キリストの復活、それは出会いの体験です。四福音書を注意深く読み合わせてみると、復活されたキリストに出会った弟子たちの体験とは、まさに筆舌に尽くし難い、実に様々な要素が絡み合ったものであることが感じられます。それはゆるしと受容の体験であり、力が与えられたこと、悟り、派遣・・それこそ言葉にしきれないもののように思います。
 今日のルカの箇所にも、そのことが随所に暗示されています。「あなたがたはこれらのことの証人となる」・・“証人になりなさい”とか“証人となるのです”などとは言われていません。イエスを裏切って逃げ散ってしまった、イエスの生前はほとんどイエスのことを理解していなかった、その弟子たちそのままの存在自体が「証人」・・《あかし》であると言われているのです。マタイの「地の塩、世の光」の箇所でもそうですが、ありのままのわたしたちが【しるし】とされている。《わたし》という存在を通して、神が働かれていることの【しるし】が示されているのです。キリストに触れたわたしたち一人ひとりが「証人」とされています。《わたし》の能力や才能が《わたし》を「証人」たらしめているのではありません。ありのままのわたしたちのうちに、神のわざが働いているのです。問題は、わたしたちがそのことをどうとらえるかでしょう。
「イエスは聖書を悟らせるために彼らの心の目を開いて言われた」とあります。「目」とは、聖書においては心の向いている方向をあらわすシンボルであると言われます。旧約聖書などによく「目を上げる」「目をあける」などという表現が出てきますが、それはまさに“神へと心を向け直す
"ことを示していますし、逆に「目を伏せる」とは神に対して後ろめたいところがあること、「目配せする」というと神から心が離れてしまってよこしまな思いに走っていることだと言われます。「目」自体が言わば「心」の状態を表しているのです。そこからすれば、イエスが「心の目を開く」とはつまり、まさに【神】へと、【神のなさるわざ】へと弟子たちの心を向かわせて下さったことをあらわしているのではないでしょうか。そして、それによってそれぞれの聖書の言葉がそれまでとは違った響きを持ってくるのです。それこそが、弟子たちにとって「聖書を悟らせていただいた」体験だったのだと思います。
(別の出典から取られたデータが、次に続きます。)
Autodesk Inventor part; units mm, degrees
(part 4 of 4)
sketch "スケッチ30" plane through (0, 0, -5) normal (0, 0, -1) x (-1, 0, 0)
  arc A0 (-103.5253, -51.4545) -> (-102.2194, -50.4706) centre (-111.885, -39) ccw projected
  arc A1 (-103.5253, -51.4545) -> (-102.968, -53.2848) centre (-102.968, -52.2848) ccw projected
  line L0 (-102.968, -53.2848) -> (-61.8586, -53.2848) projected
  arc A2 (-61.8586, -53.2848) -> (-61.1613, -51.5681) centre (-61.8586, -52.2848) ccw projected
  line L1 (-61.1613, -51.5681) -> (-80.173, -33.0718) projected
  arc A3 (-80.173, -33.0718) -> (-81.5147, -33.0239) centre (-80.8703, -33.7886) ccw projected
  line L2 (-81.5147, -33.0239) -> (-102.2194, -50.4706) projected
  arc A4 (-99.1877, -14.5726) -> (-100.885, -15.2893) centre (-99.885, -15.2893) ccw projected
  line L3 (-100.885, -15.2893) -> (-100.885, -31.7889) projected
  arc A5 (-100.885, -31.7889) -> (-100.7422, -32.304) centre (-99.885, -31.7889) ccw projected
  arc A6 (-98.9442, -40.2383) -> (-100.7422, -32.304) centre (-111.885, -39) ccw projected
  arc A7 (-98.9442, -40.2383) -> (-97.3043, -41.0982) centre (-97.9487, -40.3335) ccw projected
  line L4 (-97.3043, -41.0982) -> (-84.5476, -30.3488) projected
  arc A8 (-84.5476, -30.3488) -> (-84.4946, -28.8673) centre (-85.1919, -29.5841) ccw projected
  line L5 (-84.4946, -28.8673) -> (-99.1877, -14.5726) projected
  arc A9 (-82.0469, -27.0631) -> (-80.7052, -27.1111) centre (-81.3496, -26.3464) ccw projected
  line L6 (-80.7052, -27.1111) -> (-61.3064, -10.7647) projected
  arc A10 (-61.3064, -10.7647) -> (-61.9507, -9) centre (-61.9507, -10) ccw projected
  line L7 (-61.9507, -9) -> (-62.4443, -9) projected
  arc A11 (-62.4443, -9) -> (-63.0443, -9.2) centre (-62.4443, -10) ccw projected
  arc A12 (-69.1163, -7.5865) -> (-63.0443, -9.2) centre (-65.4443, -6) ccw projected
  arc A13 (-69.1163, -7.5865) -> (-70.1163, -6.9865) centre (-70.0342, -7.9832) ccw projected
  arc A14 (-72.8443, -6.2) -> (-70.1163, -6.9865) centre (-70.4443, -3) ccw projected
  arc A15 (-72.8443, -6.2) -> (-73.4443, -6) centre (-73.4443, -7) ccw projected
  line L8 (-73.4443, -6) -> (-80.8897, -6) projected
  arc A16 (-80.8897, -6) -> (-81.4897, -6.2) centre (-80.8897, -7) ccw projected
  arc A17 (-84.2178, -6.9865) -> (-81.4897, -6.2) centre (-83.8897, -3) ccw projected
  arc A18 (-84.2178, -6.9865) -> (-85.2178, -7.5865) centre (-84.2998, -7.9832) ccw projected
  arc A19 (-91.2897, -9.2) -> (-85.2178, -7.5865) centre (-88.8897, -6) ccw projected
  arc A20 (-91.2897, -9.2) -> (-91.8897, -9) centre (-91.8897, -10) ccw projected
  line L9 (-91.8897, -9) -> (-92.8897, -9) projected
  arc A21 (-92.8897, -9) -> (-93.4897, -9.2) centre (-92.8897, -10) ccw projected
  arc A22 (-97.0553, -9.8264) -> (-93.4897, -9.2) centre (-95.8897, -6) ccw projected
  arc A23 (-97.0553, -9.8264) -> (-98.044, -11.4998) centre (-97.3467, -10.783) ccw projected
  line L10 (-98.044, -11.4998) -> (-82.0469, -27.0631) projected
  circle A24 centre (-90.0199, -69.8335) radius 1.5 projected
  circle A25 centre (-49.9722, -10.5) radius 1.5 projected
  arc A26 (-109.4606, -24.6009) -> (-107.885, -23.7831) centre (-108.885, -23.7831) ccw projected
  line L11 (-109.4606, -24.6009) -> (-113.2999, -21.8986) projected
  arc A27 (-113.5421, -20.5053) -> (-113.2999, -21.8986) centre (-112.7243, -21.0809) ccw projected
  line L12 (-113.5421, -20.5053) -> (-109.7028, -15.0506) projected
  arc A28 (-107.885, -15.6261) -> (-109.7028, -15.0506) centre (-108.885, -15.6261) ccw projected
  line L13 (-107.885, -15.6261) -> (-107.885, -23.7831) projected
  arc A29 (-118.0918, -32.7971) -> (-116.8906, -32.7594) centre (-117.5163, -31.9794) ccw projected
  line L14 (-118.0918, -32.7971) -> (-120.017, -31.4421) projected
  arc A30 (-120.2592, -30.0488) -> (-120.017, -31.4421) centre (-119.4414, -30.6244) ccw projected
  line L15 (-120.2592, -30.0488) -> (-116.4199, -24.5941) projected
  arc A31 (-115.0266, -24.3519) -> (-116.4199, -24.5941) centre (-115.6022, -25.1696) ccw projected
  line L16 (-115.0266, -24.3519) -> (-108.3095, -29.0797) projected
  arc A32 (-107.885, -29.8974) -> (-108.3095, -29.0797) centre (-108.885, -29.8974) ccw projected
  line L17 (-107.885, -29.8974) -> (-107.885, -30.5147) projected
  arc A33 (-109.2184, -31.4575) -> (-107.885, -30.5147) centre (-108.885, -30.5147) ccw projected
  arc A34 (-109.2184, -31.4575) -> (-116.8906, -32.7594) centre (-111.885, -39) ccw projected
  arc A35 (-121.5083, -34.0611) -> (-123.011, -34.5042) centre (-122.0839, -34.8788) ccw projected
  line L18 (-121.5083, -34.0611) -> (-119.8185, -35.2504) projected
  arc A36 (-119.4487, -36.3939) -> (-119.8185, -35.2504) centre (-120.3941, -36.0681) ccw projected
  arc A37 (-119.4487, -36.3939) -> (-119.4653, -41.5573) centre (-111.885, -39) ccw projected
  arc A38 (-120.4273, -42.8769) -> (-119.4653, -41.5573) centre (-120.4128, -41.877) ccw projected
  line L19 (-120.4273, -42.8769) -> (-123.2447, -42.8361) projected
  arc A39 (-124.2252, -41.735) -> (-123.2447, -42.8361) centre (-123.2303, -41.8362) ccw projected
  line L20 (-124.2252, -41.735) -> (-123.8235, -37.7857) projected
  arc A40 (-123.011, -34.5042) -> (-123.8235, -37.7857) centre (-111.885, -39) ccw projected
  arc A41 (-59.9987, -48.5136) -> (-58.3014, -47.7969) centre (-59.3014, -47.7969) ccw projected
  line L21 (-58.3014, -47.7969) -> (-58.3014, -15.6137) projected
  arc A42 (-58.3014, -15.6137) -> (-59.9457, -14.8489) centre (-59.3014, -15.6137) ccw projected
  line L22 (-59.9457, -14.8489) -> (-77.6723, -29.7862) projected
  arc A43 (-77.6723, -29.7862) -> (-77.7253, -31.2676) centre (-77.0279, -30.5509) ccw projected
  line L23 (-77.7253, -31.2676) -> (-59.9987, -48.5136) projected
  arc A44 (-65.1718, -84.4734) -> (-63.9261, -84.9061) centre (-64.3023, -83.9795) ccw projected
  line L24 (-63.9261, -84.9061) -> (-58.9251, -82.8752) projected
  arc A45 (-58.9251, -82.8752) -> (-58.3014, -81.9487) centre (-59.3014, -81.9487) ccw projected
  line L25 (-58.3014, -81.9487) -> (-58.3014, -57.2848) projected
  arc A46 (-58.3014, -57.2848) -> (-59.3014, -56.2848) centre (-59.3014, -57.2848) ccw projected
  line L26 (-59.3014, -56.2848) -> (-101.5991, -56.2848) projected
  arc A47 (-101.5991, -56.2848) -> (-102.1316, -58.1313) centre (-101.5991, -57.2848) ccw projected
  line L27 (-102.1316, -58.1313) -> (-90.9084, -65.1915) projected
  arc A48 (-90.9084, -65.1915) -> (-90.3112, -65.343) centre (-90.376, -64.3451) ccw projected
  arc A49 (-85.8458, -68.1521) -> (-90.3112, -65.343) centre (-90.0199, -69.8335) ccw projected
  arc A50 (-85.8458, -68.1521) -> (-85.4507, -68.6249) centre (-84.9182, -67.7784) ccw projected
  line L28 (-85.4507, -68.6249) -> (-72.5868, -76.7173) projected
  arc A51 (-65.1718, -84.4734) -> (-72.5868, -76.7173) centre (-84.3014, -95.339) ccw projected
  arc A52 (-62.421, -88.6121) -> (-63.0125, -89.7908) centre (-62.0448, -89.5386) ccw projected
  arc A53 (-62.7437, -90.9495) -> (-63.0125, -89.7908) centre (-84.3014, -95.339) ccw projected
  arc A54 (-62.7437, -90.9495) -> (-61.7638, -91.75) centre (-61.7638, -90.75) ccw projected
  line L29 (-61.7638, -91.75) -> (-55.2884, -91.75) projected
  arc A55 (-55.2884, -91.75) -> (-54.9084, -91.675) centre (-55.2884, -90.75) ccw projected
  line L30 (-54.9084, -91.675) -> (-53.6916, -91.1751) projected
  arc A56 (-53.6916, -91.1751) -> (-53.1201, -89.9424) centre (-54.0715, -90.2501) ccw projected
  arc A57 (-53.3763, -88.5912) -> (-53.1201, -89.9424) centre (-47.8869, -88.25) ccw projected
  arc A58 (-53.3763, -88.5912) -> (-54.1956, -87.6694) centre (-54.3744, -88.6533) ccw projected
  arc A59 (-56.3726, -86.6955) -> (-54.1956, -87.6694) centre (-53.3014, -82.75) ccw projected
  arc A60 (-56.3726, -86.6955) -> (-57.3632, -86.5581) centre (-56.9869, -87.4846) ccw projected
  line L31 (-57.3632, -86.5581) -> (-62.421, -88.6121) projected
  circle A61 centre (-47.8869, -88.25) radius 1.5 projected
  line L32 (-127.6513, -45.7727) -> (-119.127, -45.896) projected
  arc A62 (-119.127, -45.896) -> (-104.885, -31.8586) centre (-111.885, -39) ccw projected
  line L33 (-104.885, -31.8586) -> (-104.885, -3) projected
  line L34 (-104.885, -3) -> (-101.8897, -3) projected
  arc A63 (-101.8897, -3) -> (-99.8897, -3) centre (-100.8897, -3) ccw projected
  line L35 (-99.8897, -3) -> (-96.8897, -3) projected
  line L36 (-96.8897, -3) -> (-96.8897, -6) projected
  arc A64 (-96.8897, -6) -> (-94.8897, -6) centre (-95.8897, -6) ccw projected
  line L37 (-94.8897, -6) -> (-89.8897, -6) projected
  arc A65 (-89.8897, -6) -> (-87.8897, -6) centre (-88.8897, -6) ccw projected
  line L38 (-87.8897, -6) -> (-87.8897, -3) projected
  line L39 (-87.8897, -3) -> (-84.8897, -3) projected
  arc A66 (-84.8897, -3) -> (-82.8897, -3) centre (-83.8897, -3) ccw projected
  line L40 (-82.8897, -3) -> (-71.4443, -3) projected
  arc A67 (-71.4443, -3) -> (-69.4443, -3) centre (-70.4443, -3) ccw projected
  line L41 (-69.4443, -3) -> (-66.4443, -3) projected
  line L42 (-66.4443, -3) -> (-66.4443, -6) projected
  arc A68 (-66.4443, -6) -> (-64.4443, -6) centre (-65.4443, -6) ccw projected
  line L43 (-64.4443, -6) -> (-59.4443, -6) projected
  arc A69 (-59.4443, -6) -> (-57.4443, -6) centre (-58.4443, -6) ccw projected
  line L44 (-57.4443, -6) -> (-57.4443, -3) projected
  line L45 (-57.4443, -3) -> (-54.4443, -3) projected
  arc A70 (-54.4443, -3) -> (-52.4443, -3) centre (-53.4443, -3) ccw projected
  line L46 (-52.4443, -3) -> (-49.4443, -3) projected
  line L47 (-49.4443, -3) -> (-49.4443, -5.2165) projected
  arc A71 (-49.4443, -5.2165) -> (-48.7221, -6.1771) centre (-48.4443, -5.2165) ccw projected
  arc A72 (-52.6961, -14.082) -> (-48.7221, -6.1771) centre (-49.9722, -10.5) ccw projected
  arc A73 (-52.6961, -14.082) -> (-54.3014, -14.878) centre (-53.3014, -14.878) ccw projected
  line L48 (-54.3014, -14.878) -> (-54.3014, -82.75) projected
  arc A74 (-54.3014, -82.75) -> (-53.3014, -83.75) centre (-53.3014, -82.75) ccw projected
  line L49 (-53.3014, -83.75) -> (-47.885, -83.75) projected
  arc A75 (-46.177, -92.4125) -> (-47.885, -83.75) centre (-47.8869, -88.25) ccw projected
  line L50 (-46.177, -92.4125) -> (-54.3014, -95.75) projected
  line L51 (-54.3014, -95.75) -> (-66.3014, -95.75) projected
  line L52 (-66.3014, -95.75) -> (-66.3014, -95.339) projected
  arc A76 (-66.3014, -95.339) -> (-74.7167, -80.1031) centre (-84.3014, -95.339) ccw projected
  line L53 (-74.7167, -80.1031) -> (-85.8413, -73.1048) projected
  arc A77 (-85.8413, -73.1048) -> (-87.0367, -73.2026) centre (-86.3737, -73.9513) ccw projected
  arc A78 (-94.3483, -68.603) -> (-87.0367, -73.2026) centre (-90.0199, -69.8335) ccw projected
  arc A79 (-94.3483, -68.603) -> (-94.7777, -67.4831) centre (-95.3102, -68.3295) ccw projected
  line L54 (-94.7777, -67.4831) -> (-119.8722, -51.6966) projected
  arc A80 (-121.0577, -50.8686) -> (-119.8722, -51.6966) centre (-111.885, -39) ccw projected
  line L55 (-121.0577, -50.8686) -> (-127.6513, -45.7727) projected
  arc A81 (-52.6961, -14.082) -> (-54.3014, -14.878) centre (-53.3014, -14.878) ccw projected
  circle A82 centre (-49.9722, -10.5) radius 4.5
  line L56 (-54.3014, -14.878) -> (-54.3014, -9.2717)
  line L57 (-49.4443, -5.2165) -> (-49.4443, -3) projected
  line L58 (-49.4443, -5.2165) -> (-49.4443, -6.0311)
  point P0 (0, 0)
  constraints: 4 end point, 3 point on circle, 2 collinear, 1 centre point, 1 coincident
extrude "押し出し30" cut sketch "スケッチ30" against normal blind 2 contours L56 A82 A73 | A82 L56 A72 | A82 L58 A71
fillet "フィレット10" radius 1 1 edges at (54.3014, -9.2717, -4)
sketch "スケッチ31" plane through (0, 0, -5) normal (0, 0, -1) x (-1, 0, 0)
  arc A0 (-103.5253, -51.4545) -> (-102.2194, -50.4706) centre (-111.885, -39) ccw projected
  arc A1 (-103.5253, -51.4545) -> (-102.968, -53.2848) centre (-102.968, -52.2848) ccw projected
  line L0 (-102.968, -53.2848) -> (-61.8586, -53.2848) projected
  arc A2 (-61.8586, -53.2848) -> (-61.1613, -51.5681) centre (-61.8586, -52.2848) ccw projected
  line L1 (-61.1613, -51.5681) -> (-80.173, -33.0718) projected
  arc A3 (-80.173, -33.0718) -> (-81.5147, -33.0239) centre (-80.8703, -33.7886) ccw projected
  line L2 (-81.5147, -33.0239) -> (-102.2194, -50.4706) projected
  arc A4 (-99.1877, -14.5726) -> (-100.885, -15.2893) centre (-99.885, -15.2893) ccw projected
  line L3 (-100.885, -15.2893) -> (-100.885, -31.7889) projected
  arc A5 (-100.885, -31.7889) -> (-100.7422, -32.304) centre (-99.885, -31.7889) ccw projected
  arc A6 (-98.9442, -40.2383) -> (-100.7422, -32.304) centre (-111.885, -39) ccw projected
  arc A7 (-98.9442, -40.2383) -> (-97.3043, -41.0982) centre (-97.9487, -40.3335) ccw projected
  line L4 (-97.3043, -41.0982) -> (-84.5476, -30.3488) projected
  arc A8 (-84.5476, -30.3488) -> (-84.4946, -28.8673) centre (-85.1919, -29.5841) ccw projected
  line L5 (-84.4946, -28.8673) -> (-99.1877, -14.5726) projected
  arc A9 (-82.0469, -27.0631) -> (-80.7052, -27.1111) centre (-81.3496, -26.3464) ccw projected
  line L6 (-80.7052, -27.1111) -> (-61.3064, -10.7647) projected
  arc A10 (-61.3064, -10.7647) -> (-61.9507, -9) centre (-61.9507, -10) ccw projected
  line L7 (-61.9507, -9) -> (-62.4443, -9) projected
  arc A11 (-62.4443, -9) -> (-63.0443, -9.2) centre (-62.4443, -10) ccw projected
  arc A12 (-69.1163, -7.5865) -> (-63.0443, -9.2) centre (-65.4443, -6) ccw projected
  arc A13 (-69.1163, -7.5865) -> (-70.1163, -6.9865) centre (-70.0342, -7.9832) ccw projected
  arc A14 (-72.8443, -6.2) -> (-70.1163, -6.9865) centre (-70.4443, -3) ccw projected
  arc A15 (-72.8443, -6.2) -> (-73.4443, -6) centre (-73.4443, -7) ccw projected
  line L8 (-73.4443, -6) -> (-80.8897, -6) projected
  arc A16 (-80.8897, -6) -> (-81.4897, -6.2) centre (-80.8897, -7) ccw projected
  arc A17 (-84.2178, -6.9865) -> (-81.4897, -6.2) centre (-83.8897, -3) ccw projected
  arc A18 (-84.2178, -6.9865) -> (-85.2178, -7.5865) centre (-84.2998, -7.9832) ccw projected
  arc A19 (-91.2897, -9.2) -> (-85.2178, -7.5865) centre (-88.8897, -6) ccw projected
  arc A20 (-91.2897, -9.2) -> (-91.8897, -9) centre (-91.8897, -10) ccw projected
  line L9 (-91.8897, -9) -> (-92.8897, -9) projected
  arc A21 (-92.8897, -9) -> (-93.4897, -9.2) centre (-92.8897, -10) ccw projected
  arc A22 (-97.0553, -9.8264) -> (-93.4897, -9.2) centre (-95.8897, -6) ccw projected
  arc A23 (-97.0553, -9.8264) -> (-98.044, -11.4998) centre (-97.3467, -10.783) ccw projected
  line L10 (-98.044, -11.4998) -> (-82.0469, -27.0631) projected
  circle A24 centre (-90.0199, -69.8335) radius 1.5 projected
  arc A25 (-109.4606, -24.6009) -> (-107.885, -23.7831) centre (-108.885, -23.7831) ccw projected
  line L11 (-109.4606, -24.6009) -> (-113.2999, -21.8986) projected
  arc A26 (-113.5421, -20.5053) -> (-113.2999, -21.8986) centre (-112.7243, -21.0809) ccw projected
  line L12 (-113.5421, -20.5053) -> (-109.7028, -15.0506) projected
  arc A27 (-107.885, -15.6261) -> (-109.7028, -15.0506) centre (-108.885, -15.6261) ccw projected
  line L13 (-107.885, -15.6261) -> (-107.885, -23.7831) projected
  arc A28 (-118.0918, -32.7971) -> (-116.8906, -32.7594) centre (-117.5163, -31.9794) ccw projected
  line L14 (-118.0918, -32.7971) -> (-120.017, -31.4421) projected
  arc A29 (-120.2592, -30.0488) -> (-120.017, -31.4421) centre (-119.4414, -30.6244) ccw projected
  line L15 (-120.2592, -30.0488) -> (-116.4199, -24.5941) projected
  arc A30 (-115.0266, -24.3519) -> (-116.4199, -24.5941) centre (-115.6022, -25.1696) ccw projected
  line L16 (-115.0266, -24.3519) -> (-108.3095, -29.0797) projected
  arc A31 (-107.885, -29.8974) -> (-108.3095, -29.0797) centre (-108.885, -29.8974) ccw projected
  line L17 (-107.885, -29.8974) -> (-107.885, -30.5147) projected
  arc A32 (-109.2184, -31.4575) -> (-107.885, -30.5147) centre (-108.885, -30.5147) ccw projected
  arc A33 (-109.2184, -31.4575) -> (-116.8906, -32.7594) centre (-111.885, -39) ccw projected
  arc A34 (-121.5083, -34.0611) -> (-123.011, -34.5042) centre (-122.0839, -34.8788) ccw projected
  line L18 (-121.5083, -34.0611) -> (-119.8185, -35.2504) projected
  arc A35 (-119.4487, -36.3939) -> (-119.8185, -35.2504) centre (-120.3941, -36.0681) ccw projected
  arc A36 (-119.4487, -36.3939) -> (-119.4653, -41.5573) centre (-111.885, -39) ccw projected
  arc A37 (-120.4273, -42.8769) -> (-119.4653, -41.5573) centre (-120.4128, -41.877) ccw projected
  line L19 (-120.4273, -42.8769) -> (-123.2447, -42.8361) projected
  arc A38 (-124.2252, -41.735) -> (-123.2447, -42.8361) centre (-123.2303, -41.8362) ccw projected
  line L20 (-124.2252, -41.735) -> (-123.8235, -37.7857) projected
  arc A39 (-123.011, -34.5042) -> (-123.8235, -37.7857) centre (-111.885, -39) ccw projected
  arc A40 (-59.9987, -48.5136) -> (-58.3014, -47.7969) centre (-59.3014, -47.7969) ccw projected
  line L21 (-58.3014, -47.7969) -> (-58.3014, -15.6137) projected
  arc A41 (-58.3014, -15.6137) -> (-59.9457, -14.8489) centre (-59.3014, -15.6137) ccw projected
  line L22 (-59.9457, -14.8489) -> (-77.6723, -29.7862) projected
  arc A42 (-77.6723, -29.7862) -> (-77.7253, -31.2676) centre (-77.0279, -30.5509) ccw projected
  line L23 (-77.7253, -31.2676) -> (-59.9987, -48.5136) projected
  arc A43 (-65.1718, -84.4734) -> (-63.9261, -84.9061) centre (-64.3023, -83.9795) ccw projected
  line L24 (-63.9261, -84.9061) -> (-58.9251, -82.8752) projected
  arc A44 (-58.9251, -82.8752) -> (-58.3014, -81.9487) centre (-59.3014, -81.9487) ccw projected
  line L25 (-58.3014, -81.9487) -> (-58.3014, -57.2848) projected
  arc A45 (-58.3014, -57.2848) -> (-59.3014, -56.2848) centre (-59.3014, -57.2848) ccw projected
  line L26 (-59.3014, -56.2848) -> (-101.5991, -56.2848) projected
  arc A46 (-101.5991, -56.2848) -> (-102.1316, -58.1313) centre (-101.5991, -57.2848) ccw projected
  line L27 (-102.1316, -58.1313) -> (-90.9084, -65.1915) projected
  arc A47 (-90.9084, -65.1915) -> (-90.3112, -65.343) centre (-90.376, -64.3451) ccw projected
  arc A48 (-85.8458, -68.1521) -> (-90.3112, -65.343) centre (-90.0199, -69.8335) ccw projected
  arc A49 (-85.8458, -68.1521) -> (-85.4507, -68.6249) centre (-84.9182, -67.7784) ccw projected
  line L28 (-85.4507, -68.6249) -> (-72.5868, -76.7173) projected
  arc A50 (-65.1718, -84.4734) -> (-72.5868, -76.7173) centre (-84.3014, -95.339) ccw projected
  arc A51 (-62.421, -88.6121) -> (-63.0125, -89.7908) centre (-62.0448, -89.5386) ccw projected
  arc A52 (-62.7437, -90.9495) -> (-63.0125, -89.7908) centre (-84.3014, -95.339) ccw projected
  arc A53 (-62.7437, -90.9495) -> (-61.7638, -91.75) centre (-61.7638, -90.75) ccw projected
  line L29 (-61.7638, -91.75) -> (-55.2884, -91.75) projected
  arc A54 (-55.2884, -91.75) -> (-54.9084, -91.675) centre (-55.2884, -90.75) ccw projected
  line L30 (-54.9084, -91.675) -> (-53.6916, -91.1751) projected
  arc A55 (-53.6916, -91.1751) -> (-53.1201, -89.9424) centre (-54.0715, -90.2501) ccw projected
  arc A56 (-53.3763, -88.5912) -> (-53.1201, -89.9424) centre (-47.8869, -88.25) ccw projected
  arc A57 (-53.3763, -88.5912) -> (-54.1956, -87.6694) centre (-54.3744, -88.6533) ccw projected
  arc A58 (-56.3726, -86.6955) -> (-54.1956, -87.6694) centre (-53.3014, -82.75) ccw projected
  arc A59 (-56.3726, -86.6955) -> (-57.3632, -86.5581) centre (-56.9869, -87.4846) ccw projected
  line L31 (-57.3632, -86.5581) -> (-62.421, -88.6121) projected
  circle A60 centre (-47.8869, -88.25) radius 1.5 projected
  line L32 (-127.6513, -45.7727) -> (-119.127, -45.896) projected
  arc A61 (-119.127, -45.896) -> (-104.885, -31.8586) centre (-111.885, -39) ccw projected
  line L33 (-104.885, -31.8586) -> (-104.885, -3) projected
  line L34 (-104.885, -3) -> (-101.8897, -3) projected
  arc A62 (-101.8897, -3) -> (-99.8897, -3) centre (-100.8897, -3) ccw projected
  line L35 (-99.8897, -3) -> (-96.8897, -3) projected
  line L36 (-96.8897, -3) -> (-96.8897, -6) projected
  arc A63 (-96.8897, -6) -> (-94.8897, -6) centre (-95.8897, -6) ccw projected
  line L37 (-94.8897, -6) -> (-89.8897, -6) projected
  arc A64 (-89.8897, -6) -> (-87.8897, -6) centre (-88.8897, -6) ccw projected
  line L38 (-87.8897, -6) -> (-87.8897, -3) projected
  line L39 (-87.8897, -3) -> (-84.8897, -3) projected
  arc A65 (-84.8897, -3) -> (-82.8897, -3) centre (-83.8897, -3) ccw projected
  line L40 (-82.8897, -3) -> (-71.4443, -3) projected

 わたしたちにも同じ体験がないでしょうか。いつも読んでいる聖書の言葉が、ある日突然、それまでとは違った特別な意味を、現実の生活や体験の中で持っことがあります。わたしにとっては、今日の箇所がまさにそうでした。「あなたが、ありのままのそのあなたが【あかし】なのだよ。」そうか、そうだったんだ・・と思いました。《わたし》の力で何かをしているんじゃない、《わたし》の中に、このいたらない《わたし》の中に神のわざが働いている。だから自分の力で何かをしようとした時に限って、どこかしらうまくいかなかったのです。自分の中に、自分という存在を通して神御自身が働かれている・・そりゃなんとももったいないことだと思いつつ、それ以上にそのわざの偉大さ、神の御計画の遠大さに驚かされた瞬間でした。そうか、ならばあれこれ心配する必要もないんだ、とホッと安心できた瞬間でもありました。 わたしたちにとって聖書の言葉が【生きて語りかけてくる】瞬間が確かにあります。それを感じる時、わたしたちにとっても復活したキリストがすぐ近くにいて下さり、キリスト御自身がわたしたちに語りかけて下さっているのです。弟子たちと同じく、わたしたちにとっても、キリストの復活とは出会いの体験に他なりません。人との出会いの中で、出来事との出会いの中で、そして《いのち》との出会いの中でキリスト御自身が語りかけておられる。そのことに気づく時、ありのままの自分の中に神のわざが働いていることを感じるのです。
 今年もキリストの復活を祝う季節の中で、共にその【復活の体験】を分かち合いたいと思います。